Marco trascorre le sue giornate sulla brandina. Sulla brandina mangia, dorme, pensa, vive. Quello che lo circonda, il mondo intorno a lui, gli e’ ormai indifferente. Marco e’  rinchiuso nell’Ospedale psichiatrico giudiziario di Aversa da ventitre’ anni. Ventitre’ anni fa lo hanno rinchiuso nell’Opg di Aversa dove  sono al momento ci sono altri 146 internati.  La chiusura degli Opg era fissata per il 1 aprile 2014 ma, racconta il ricercatore universitario in bioetica  Antonio Esposito, le cose, se è possibile stanno peggiorando ancora di più “perché se prima gli internati potevano seguire un corso di teatro, attività varie, ora è tutto fermo visto che tutto si dovrebbe organizzare con 5mila euro l’anno, questo è quanto stanziato per l’area trattamentale, per le misure alternative all’utilizzo dei farmaci”.
Non solo.  C’e’ un solo psichiatra disponibile dalle ore 8 alle 20 e solo nei giorni feriali. Quanti pazienti può seguire uno psicologo presente dalle 8 alle 14? Può bastare di notte o la domenica un solo medico di medicina generale? Marco, per gli psichiatri potrebbe uscire ed essere curato dalla sanità territoriale, il centro di salute mentale laziale di appartenenza. Invece persiste la pericolosità sociale. Eppure non sono mai venuti a visitarlo la diagnosi è avvenuta per corrispondenza, come il rifiuto della presa in carico.
A fronte di progetti di dismissione, ogni settimana ad Aversa ci sono nuovi internamenti. Molti, sempre di più anche gli immigrati. Carlo è nell’Opg per una pipì fatta nel luogo sbagliato. “Pensavano fosse nigeriano, qui hanno scoperto che è originario della Guinea – spiega Esposito – Dalla Libia su un barcone, in Italia viveva in strada. L’internamento in Opg che a volte segue quello nei Cie è la risposta repressiva che diamo alle nuove forme di povertà”.
“Luoghi di estremo orrore che umiliano l’Italia rispetto al resto dell’Euopa”; cosi’ il presidente Giorgio Napolitano ha definito i sei ospedali psichiatrici giudiziari esistenti. Era il luglio 2011, quando e’ esplosa in tutta la sua drammaticita’ la realta’ degli Opg; il Parlamento ne ava disposto la chiusura, prevedendo che i meno di duemila malati venissero assistiti in strutture adeguate che dovevano essere approntate dalle regioni.

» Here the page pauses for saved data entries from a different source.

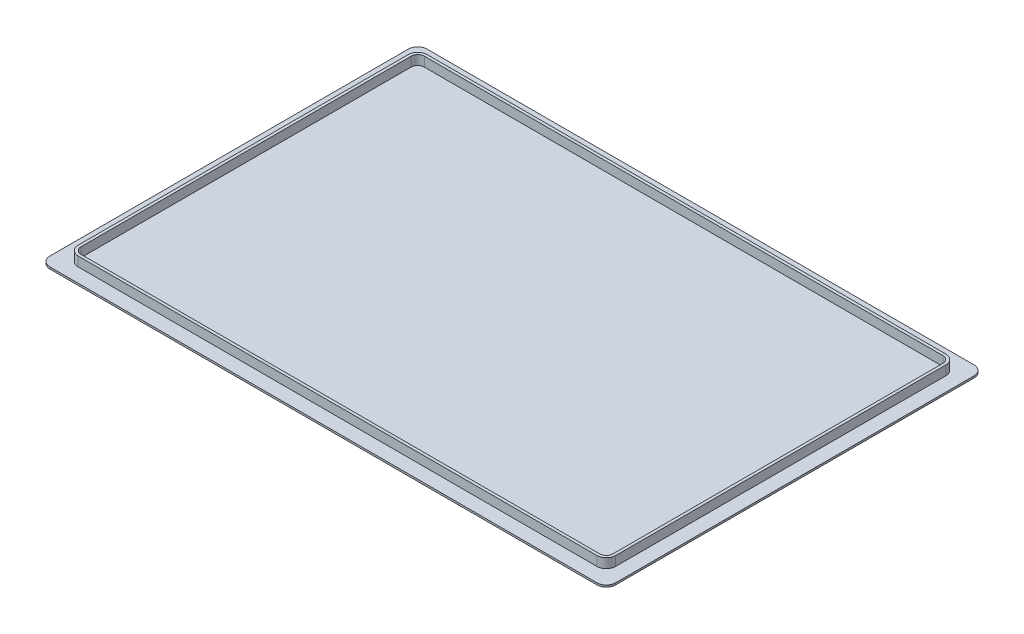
ISO-10303-21;
HEADER;
FILE_DESCRIPTION(('STEP AP214'),'2;1');
FILE_NAME('part.step','',(''),(''),'','','');
FILE_SCHEMA(('AUTOMOTIVE_DESIGN { 1 0 10303 214 1 1 1 1 }'));
ENDSEC;
DATA;
#1=APPLICATION_CONTEXT('core data for automotive mechanical design processes');
#2=APPLICATION_PROTOCOL_DEFINITION('international standard','automotive_design',2000,#1);
#3=PRODUCT_CONTEXT('',#1,'mechanical');
#4=PRODUCT('Part','Part','',(#3));
#5=PRODUCT_RELATED_PRODUCT_CATEGORY('part','',(#4));
#6=PRODUCT_DEFINITION_FORMATION('','',#4);
#7=PRODUCT_DEFINITION_CONTEXT('part definition',#1,'design');
#8=PRODUCT_DEFINITION('design','',#6,#7);
#9=PRODUCT_DEFINITION_SHAPE('','',#8);
#10=(LENGTH_UNIT() NAMED_UNIT(*) SI_UNIT(.MILLI.,.METRE.));
#11=(NAMED_UNIT(*) PLANE_ANGLE_UNIT() SI_UNIT($,.RADIAN.));
#12=(NAMED_UNIT(*) SI_UNIT($,.STERADIAN.) SOLID_ANGLE_UNIT());
#13=UNCERTAINTY_MEASURE_WITH_UNIT(LENGTH_MEASURE(1.E-05),#10,'distance_accuracy_value','');
#14=(GEOMETRIC_REPRESENTATION_CONTEXT(3) GLOBAL_UNCERTAINTY_ASSIGNED_CONTEXT((#13)) GLOBAL_UNIT_ASSIGNED_CONTEXT((#10,
#11,#12)) REPRESENTATION_CONTEXT('',''));
#15=CARTESIAN_POINT('',(0.,0.,0.));
#16=DIRECTION('',(0.,0.,1.));
#17=DIRECTION('',(1.,0.,0.));
#18=AXIS2_PLACEMENT_3D('',#15,#16,#17);
#19=CARTESIAN_POINT('',(290.,2.,190.));
#20=DIRECTION('',(0.,-1.,0.));
#21=DIRECTION('',(0.,0.,-1.));
#22=AXIS2_PLACEMENT_3D('',#19,#20,#21);
#23=PLANE('',#22);
#24=CARTESIAN_POINT('',(290.,2.,190.));
#25=DIRECTION('',(0.,1.,0.));
#26=DIRECTION('',(0.,0.,-1.));
#27=AXIS2_PLACEMENT_3D('',#24,#25,#26);
#28=CIRCLE('',#27,10.);
#29=CARTESIAN_POINT('',(290.,2.,200.));
#30=VERTEX_POINT('',#29);
#31=CARTESIAN_POINT('',(300.,2.,190.));
#32=VERTEX_POINT('',#31);
#33=EDGE_CURVE('E374',#30,#32,#28,.T.);
#34=ORIENTED_EDGE('',*,*,#33,.T.);
#35=DIRECTION('',(0.,0.,-1.));
#36=VECTOR('',#35,1.);
#37=CARTESIAN_POINT('',(300.,2.,190.));
#38=LINE('',#37,#36);
#39=CARTESIAN_POINT('',(300.,2.,-190.));
#40=VERTEX_POINT('',#39);
#41=EDGE_CURVE('E377',#32,#40,#38,.T.);
#42=ORIENTED_EDGE('',*,*,#41,.T.);
#43=CARTESIAN_POINT('',(290.,2.,-190.));
#44=DIRECTION('',(0.,1.,0.));
#45=DIRECTION('',(0.,0.,1.));
#46=AXIS2_PLACEMENT_3D('',#43,#44,#45);
#47=CIRCLE('',#46,10.);
#48=CARTESIAN_POINT('',(290.,2.,-200.));
#49=VERTEX_POINT('',#48);
#50=EDGE_CURVE('E380',#40,#49,#47,.T.);
#51=ORIENTED_EDGE('',*,*,#50,.T.);
#52=DIRECTION('',(-1.,0.,0.));
#53=VECTOR('',#52,1.);
#54=CARTESIAN_POINT('',(-290.,2.,-200.));
#55=LINE('',#54,#53);
#56=CARTESIAN_POINT('',(-290.,2.,-200.));
#57=VERTEX_POINT('',#56);
#58=EDGE_CURVE('E382',#49,#57,#55,.T.);
#59=ORIENTED_EDGE('',*,*,#58,.T.);
#60=CARTESIAN_POINT('',(-290.,2.,-190.));
#61=DIRECTION('',(0.,1.,0.));
#62=DIRECTION('',(0.,0.,1.));
#63=AXIS2_PLACEMENT_3D('',#60,#61,#62);
#64=CIRCLE('',#63,10.);
#65=CARTESIAN_POINT('',(-300.,2.,-190.));
#66=VERTEX_POINT('',#65);
#67=EDGE_CURVE('E384',#57,#66,#64,.T.);
#68=ORIENTED_EDGE('',*,*,#67,.T.);
#69=DIRECTION('',(0.,0.,1.));
#70=VECTOR('',#69,1.);
#71=CARTESIAN_POINT('',(-300.,2.,190.));
#72=LINE('',#71,#70);
#73=CARTESIAN_POINT('',(-300.,2.,190.));
#74=VERTEX_POINT('',#73);
#75=EDGE_CURVE('E386',#66,#74,#72,.T.);
#76=ORIENTED_EDGE('',*,*,#75,.T.);
#77=CARTESIAN_POINT('',(-290.,2.,190.));
#78=DIRECTION('',(0.,1.,0.));
#79=DIRECTION('',(0.,0.,1.));
#80=AXIS2_PLACEMENT_3D('',#77,#78,#79);
#81=CIRCLE('',#80,10.);
#82=CARTESIAN_POINT('',(-290.,2.,200.));
#83=VERTEX_POINT('',#82);
#84=EDGE_CURVE('E388',#74,#83,#81,.T.);
#85=ORIENTED_EDGE('',*,*,#84,.T.);
#86=DIRECTION('',(1.,0.,0.));
#87=VECTOR('',#86,1.);
#88=CARTESIAN_POINT('',(-290.,2.,200.));
#89=LINE('',#88,#87);
#90=EDGE_CURVE('E390',#83,#30,#89,.T.);
#91=ORIENTED_EDGE('',*,*,#90,.T.);
#92=EDGE_LOOP('',(#34,#42,#51,#59,#68,#76,#85,#91));
#93=FACE_BOUND('',#92,.T.);
#94=CARTESIAN_POINT('',(275.,2.,-175.));
#95=DIRECTION('',(0.,1.,0.));
#96=DIRECTION('',(0.,0.,-1.));
#97=AXIS2_PLACEMENT_3D('',#94,#95,#96);
#98=CIRCLE('',#97,10.);
#99=CARTESIAN_POINT('',(285.,2.,-175.));
#100=VERTEX_POINT('',#99);
#101=CARTESIAN_POINT('',(275.,2.,-185.));
#102=VERTEX_POINT('',#101);
#103=EDGE_CURVE('E261',#100,#102,#98,.T.);
#104=ORIENTED_EDGE('',*,*,#103,.F.);
#105=DIRECTION('',(0.,0.,-1.));
#106=VECTOR('',#105,1.);
#107=CARTESIAN_POINT('',(285.,2.,175.));
#108=LINE('',#107,#106);
#109=CARTESIAN_POINT('',(285.,2.,175.));
#110=VERTEX_POINT('',#109);
#111=EDGE_CURVE('E318',#110,#100,#108,.T.);
#112=ORIENTED_EDGE('',*,*,#111,.F.);
#113=CARTESIAN_POINT('',(275.,2.,175.));
#114=DIRECTION('',(0.,1.,0.));
#115=DIRECTION('',(0.,0.,-1.));
#116=AXIS2_PLACEMENT_3D('',#113,#114,#115);
#117=CIRCLE('',#116,10.);
#118=CARTESIAN_POINT('',(275.,2.,185.));
#119=VERTEX_POINT('',#118);
#120=EDGE_CURVE('E346',#119,#110,#117,.T.);
#121=ORIENTED_EDGE('',*,*,#120,.F.);
#122=DIRECTION('',(1.,0.,0.));
#123=VECTOR('',#122,1.);
#124=CARTESIAN_POINT('',(-275.,2.,185.));
#125=LINE('',#124,#123);
#126=CARTESIAN_POINT('',(-275.,2.,185.));
#127=VERTEX_POINT('',#126);
#128=EDGE_CURVE('E343',#127,#119,#125,.T.);
#129=ORIENTED_EDGE('',*,*,#128,.F.);
#130=CARTESIAN_POINT('',(-275.,2.,175.));
#131=DIRECTION('',(0.,1.,0.));
#132=DIRECTION('',(0.,0.,-1.));
#133=AXIS2_PLACEMENT_3D('',#130,#131,#132);
#134=CIRCLE('',#133,10.);
#135=CARTESIAN_POINT('',(-285.,2.,175.));
#136=VERTEX_POINT('',#135);
#137=EDGE_CURVE('E340',#136,#127,#134,.T.);
#138=ORIENTED_EDGE('',*,*,#137,.F.);
#139=DIRECTION('',(0.,0.,1.));
#140=VECTOR('',#139,1.);
#141=CARTESIAN_POINT('',(-285.,2.,-175.));
#142=LINE('',#141,#140);
#143=CARTESIAN_POINT('',(-285.,2.,-175.));
#144=VERTEX_POINT('',#143);
#145=EDGE_CURVE('E337',#144,#136,#142,.T.);
#146=ORIENTED_EDGE('',*,*,#145,.F.);
#147=CARTESIAN_POINT('',(-275.,2.,-175.));
#148=DIRECTION('',(0.,1.,0.));
#149=DIRECTION('',(0.,0.,1.));
#150=AXIS2_PLACEMENT_3D('',#147,#148,#149);
#151=CIRCLE('',#150,10.);
#152=CARTESIAN_POINT('',(-275.,2.,-185.));
#153=VERTEX_POINT('',#152);
#154=EDGE_CURVE('E103',#153,#144,#151,.T.);
#155=ORIENTED_EDGE('',*,*,#154,.F.);
#156=DIRECTION('',(-1.,0.,0.));
#157=VECTOR('',#156,1.);
#158=CARTESIAN_POINT('',(275.,2.,-185.));
#159=LINE('',#158,#157);
#160=EDGE_CURVE('E98',#102,#153,#159,.T.);
#161=ORIENTED_EDGE('',*,*,#160,.F.);
#162=EDGE_LOOP('',(#104,#112,#121,#129,#138,#146,#155,#161));
#163=FACE_BOUND('',#162,.T.);
#164=ADVANCED_FACE('F83',(#93,#163),#23,.F.);
#165=CARTESIAN_POINT('',(290.,2.,190.));
#166=DIRECTION('',(0.,-1.,0.));
#167=DIRECTION('',(0.,0.,-1.));
#168=AXIS2_PLACEMENT_3D('',#165,#166,#167);
#169=CYLINDRICAL_SURFACE('',#168,10.);
#170=CARTESIAN_POINT('',(290.,0.,190.));
#171=DIRECTION('',(0.,1.,0.));
#172=DIRECTION('',(0.,0.,-1.));
#173=AXIS2_PLACEMENT_3D('',#170,#171,#172);
#174=CIRCLE('',#173,10.);
#175=CARTESIAN_POINT('',(290.,0.,200.));
#176=VERTEX_POINT('',#175);
#177=CARTESIAN_POINT('',(300.,0.,190.));
#178=VERTEX_POINT('',#177);
#179=EDGE_CURVE('E373',#176,#178,#174,.T.);
#180=ORIENTED_EDGE('',*,*,#179,.T.);
#181=DIRECTION('',(0.,-1.,0.));
#182=VECTOR('',#181,1.);
#183=CARTESIAN_POINT('',(300.,2.,190.));
#184=LINE('',#183,#182);
#185=EDGE_CURVE('E12',#32,#178,#184,.T.);
#186=ORIENTED_EDGE('',*,*,#185,.F.);
#187=ORIENTED_EDGE('',*,*,#33,.F.);
#188=DIRECTION('',(0.,-1.,0.));
#189=VECTOR('',#188,1.);
#190=CARTESIAN_POINT('',(290.,2.,200.));
#191=LINE('',#190,#189);
#192=EDGE_CURVE('E392',#30,#176,#191,.T.);
#193=ORIENTED_EDGE('',*,*,#192,.T.);
#194=EDGE_LOOP('',(#180,#186,#187,#193));
#195=FACE_BOUND('',#194,.T.);
#196=ADVANCED_FACE('F85',(#195),#169,.T.);
#197=CARTESIAN_POINT('',(300.,2.,190.));
#198=DIRECTION('',(-1.,0.,0.));
#199=DIRECTION('',(0.,0.,1.));
#200=AXIS2_PLACEMENT_3D('',#197,#198,#199);
#201=PLANE('',#200);
#202=DIRECTION('',(0.,0.,-1.));
#203=VECTOR('',#202,1.);
#204=CARTESIAN_POINT('',(300.,0.,190.));
#205=LINE('',#204,#203);
#206=CARTESIAN_POINT('',(300.,0.,-190.));
#207=VERTEX_POINT('',#206);
#208=EDGE_CURVE('E395',#178,#207,#205,.T.);
#209=ORIENTED_EDGE('',*,*,#208,.T.);
#210=DIRECTION('',(0.,-1.,0.));
#211=VECTOR('',#210,1.);
#212=CARTESIAN_POINT('',(300.,2.,-190.));
#213=LINE('',#212,#211);
#214=EDGE_CURVE('E91',#40,#207,#213,.T.);
#215=ORIENTED_EDGE('',*,*,#214,.F.);
#216=ORIENTED_EDGE('',*,*,#41,.F.);
#217=ORIENTED_EDGE('',*,*,#185,.T.);
#218=EDGE_LOOP('',(#209,#215,#216,#217));
#219=FACE_BOUND('',#218,.T.);
#220=ADVANCED_FACE('F451',(#219),#201,.F.);
#221=CARTESIAN_POINT('',(290.,2.,-190.));
#222=DIRECTION('',(0.,-1.,0.));
#223=DIRECTION('',(0.,0.,-1.));
#224=AXIS2_PLACEMENT_3D('',#221,#222,#223);
#225=CYLINDRICAL_SURFACE('',#224,10.);
#226=CARTESIAN_POINT('',(290.,0.,-190.));
#227=DIRECTION('',(0.,1.,0.));
#228=DIRECTION('',(0.,0.,1.));
#229=AXIS2_PLACEMENT_3D('',#226,#227,#228);
#230=CIRCLE('',#229,10.);
#231=CARTESIAN_POINT('',(290.,0.,-200.));
#232=VERTEX_POINT('',#231);
#233=EDGE_CURVE('E397',#207,#232,#230,.T.);
#234=ORIENTED_EDGE('',*,*,#233,.T.);
#235=DIRECTION('',(0.,-1.,0.));
#236=VECTOR('',#235,1.);
#237=CARTESIAN_POINT('',(290.,2.,-200.));
#238=LINE('',#237,#236);
#239=EDGE_CURVE('E422',#49,#232,#238,.T.);
#240=ORIENTED_EDGE('',*,*,#239,.F.);
#241=ORIENTED_EDGE('',*,*,#50,.F.);
#242=ORIENTED_EDGE('',*,*,#214,.T.);
#243=EDGE_LOOP('',(#234,#240,#241,#242));
#244=FACE_BOUND('',#243,.T.);
#245=ADVANCED_FACE('F429',(#244),#225,.T.);
#246=CARTESIAN_POINT('',(-290.,2.,-200.));
#247=DIRECTION('',(0.,0.,1.));
#248=DIRECTION('',(1.,0.,0.));
#249=AXIS2_PLACEMENT_3D('',#246,#247,#248);
#250=PLANE('',#249);
#251=DIRECTION('',(-1.,0.,0.));
#252=VECTOR('',#251,1.);
#253=CARTESIAN_POINT('',(-290.,0.,-200.));
#254=LINE('',#253,#252);
#255=CARTESIAN_POINT('',(-290.,0.,-200.));
#256=VERTEX_POINT('',#255);
#257=EDGE_CURVE('E399',#232,#256,#254,.T.);
#258=ORIENTED_EDGE('',*,*,#257,.T.);
#259=DIRECTION('',(0.,-1.,0.));
#260=VECTOR('',#259,1.);
#261=CARTESIAN_POINT('',(-290.,2.,-200.));
#262=LINE('',#261,#260);
#263=EDGE_CURVE('E419',#57,#256,#262,.T.);
#264=ORIENTED_EDGE('',*,*,#263,.F.);
#265=ORIENTED_EDGE('',*,*,#58,.F.);
#266=ORIENTED_EDGE('',*,*,#239,.T.);
#267=EDGE_LOOP('',(#258,#264,#265,#266));
#268=FACE_BOUND('',#267,.T.);
#269=ADVANCED_FACE('F440',(#268),#250,.F.);
#270=CARTESIAN_POINT('',(-290.,2.,-190.));
#271=DIRECTION('',(0.,-1.,0.));
#272=DIRECTION('',(0.,0.,-1.));
#273=AXIS2_PLACEMENT_3D('',#270,#271,#272);
#274=CYLINDRICAL_SURFACE('',#273,10.);
#275=CARTESIAN_POINT('',(-290.,0.,-190.));
#276=DIRECTION('',(0.,1.,0.));
#277=DIRECTION('',(0.,0.,1.));
#278=AXIS2_PLACEMENT_3D('',#275,#276,#277);
#279=CIRCLE('',#278,10.);
#280=CARTESIAN_POINT('',(-300.,0.,-190.));
#281=VERTEX_POINT('',#280);
#282=EDGE_CURVE('E401',#256,#281,#279,.T.);
#283=ORIENTED_EDGE('',*,*,#282,.T.);
#284=DIRECTION('',(0.,-1.,0.));
#285=VECTOR('',#284,1.);
#286=CARTESIAN_POINT('',(-300.,2.,-190.));
#287=LINE('',#286,#285);
#288=EDGE_CURVE('E416',#66,#281,#287,.T.);
#289=ORIENTED_EDGE('',*,*,#288,.F.);
#290=ORIENTED_EDGE('',*,*,#67,.F.);
#291=ORIENTED_EDGE('',*,*,#263,.T.);
#292=EDGE_LOOP('',(#283,#289,#290,#291));
#293=FACE_BOUND('',#292,.T.);
#294=ADVANCED_FACE('F444',(#293),#274,.T.);
#295=CARTESIAN_POINT('',(-300.,2.,190.));
#296=DIRECTION('',(1.,0.,0.));
#297=DIRECTION('',(0.,0.,-1.));
#298=AXIS2_PLACEMENT_3D('',#295,#296,#297);
#299=PLANE('',#298);
#300=DIRECTION('',(0.,0.,1.));
#301=VECTOR('',#300,1.);
#302=CARTESIAN_POINT('',(-300.,0.,190.));
#303=LINE('',#302,#301);
#304=CARTESIAN_POINT('',(-300.,0.,190.));
#305=VERTEX_POINT('',#304);
#306=EDGE_CURVE('E403',#281,#305,#303,.T.);
#307=ORIENTED_EDGE('',*,*,#306,.T.);
#308=DIRECTION('',(0.,-1.,0.));
#309=VECTOR('',#308,1.);
#310=CARTESIAN_POINT('',(-300.,2.,190.));
#311=LINE('',#310,#309);
#312=EDGE_CURVE('E413',#74,#305,#311,.T.);
#313=ORIENTED_EDGE('',*,*,#312,.F.);
#314=ORIENTED_EDGE('',*,*,#75,.F.);
#315=ORIENTED_EDGE('',*,*,#288,.T.);
#316=EDGE_LOOP('',(#307,#313,#314,#315));
#317=FACE_BOUND('',#316,.T.);
#318=ADVANCED_FACE('F464',(#317),#299,.F.);
#319=CARTESIAN_POINT('',(-290.,2.,190.));
#320=DIRECTION('',(0.,-1.,0.));
#321=DIRECTION('',(0.,0.,-1.));
#322=AXIS2_PLACEMENT_3D('',#319,#320,#321);
#323=CYLINDRICAL_SURFACE('',#322,10.);
#324=CARTESIAN_POINT('',(-290.,0.,190.));
#325=DIRECTION('',(0.,1.,0.));
#326=DIRECTION('',(0.,0.,1.));
#327=AXIS2_PLACEMENT_3D('',#324,#325,#326);
#328=CIRCLE('',#327,10.);
#329=CARTESIAN_POINT('',(-290.,0.,200.));
#330=VERTEX_POINT('',#329);
#331=EDGE_CURVE('E405',#305,#330,#328,.T.);
#332=ORIENTED_EDGE('',*,*,#331,.T.);
#333=DIRECTION('',(0.,-1.,0.));
#334=VECTOR('',#333,1.);
#335=CARTESIAN_POINT('',(-290.,2.,200.));
#336=LINE('',#335,#334);
#337=EDGE_CURVE('E410',#83,#330,#336,.T.);
#338=ORIENTED_EDGE('',*,*,#337,.F.);
#339=ORIENTED_EDGE('',*,*,#84,.F.);
#340=ORIENTED_EDGE('',*,*,#312,.T.);
#341=EDGE_LOOP('',(#332,#338,#339,#340));
#342=FACE_BOUND('',#341,.T.);
#343=ADVANCED_FACE('F462',(#342),#323,.T.);
#344=CARTESIAN_POINT('',(-290.,2.,200.));
#345=DIRECTION('',(0.,0.,-1.));
#346=DIRECTION('',(-1.,0.,0.));
#347=AXIS2_PLACEMENT_3D('',#344,#345,#346);
#348=PLANE('',#347);
#349=DIRECTION('',(1.,0.,0.));
#350=VECTOR('',#349,1.);
#351=CARTESIAN_POINT('',(-290.,0.,200.));
#352=LINE('',#351,#350);
#353=EDGE_CURVE('E378',#330,#176,#352,.T.);
#354=ORIENTED_EDGE('',*,*,#353,.T.);
#355=ORIENTED_EDGE('',*,*,#192,.F.);
#356=ORIENTED_EDGE('',*,*,#90,.F.);
#357=ORIENTED_EDGE('',*,*,#337,.T.);
#358=EDGE_LOOP('',(#354,#355,#356,#357));
#359=FACE_BOUND('',#358,.T.);
#360=ADVANCED_FACE('F457',(#359),#348,.F.);
#361=CARTESIAN_POINT('',(290.,0.,190.));
#362=DIRECTION('',(0.,-1.,0.));
#363=DIRECTION('',(0.,0.,-1.));
#364=AXIS2_PLACEMENT_3D('',#361,#362,#363);
#365=PLANE('',#364);
#366=ORIENTED_EDGE('',*,*,#179,.F.);
#367=ORIENTED_EDGE('',*,*,#353,.F.);
#368=ORIENTED_EDGE('',*,*,#331,.F.);
#369=ORIENTED_EDGE('',*,*,#306,.F.);
#370=ORIENTED_EDGE('',*,*,#282,.F.);
#371=ORIENTED_EDGE('',*,*,#257,.F.);
#372=ORIENTED_EDGE('',*,*,#233,.F.);
#373=ORIENTED_EDGE('',*,*,#208,.F.);
#374=EDGE_LOOP('',(#366,#367,#368,#369,#370,#371,#372,#373));
#375=FACE_BOUND('',#374,.T.);
#376=ADVANCED_FACE('F435',(#375),#365,.T.);
#377=CARTESIAN_POINT('',(275.,12.,-175.));
#378=DIRECTION('',(0.,1.,0.));
#379=DIRECTION('',(0.,0.,1.));
#380=AXIS2_PLACEMENT_3D('',#377,#378,#379);
#381=PLANE('',#380);
#382=CARTESIAN_POINT('',(275.,12.,-175.));
#383=DIRECTION('',(0.,1.,0.));
#384=DIRECTION('',(0.,0.,-1.));
#385=AXIS2_PLACEMENT_3D('',#382,#383,#384);
#386=CIRCLE('',#385,10.);
#387=CARTESIAN_POINT('',(285.,12.,-175.));
#388=VERTEX_POINT('',#387);
#389=CARTESIAN_POINT('',(275.,12.,-185.));
#390=VERTEX_POINT('',#389);
#391=EDGE_CURVE('E314',#388,#390,#386,.T.);
#392=ORIENTED_EDGE('',*,*,#391,.T.);
#393=DIRECTION('',(-1.,0.,0.));
#394=VECTOR('',#393,1.);
#395=CARTESIAN_POINT('',(275.,12.,-185.));
#396=LINE('',#395,#394);
#397=CARTESIAN_POINT('',(-275.,12.,-185.));
#398=VERTEX_POINT('',#397);
#399=EDGE_CURVE('E317',#390,#398,#396,.T.);
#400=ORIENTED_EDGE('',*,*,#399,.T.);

A dire il vero gli Opg erano stati dichiarati dichiarati illegittimi già dal 2003, ma come spesso accade in Italia si era fatto finta di nulla, andando avanti a colpi di proroga. Così’ meno di duemila malati (che tali sono) hanno continuato a restare rinchiuse in strutture fatiscenti, con assistenza ridotta al minimo, spesso vittime di vere e proprie torture. Regioni ed enti locali si sono sempre giustificate dicendo che mancavano i fondi per realizzare  strutture residenziali alternative non più gestite dall’autorità giudiziaria, poiché la legge prevede un passaggio di competenza alla sanità pubblica. Certo, abbiamo poi visto in Lazio e in Lombardia, in Piemonte e in Sicilia che fine ha fatto il denaro a disposizione delle regioni!Fatto e’ che le regioni sono inadempienti: dovevano occuparsi della gestione e del mantenimento di queste strutture e le Aziende Sanitarie locali dovevano avviare progetti di riabilitazione e reinserimento sociale per le persone che sarebbero dovute essere dimesse.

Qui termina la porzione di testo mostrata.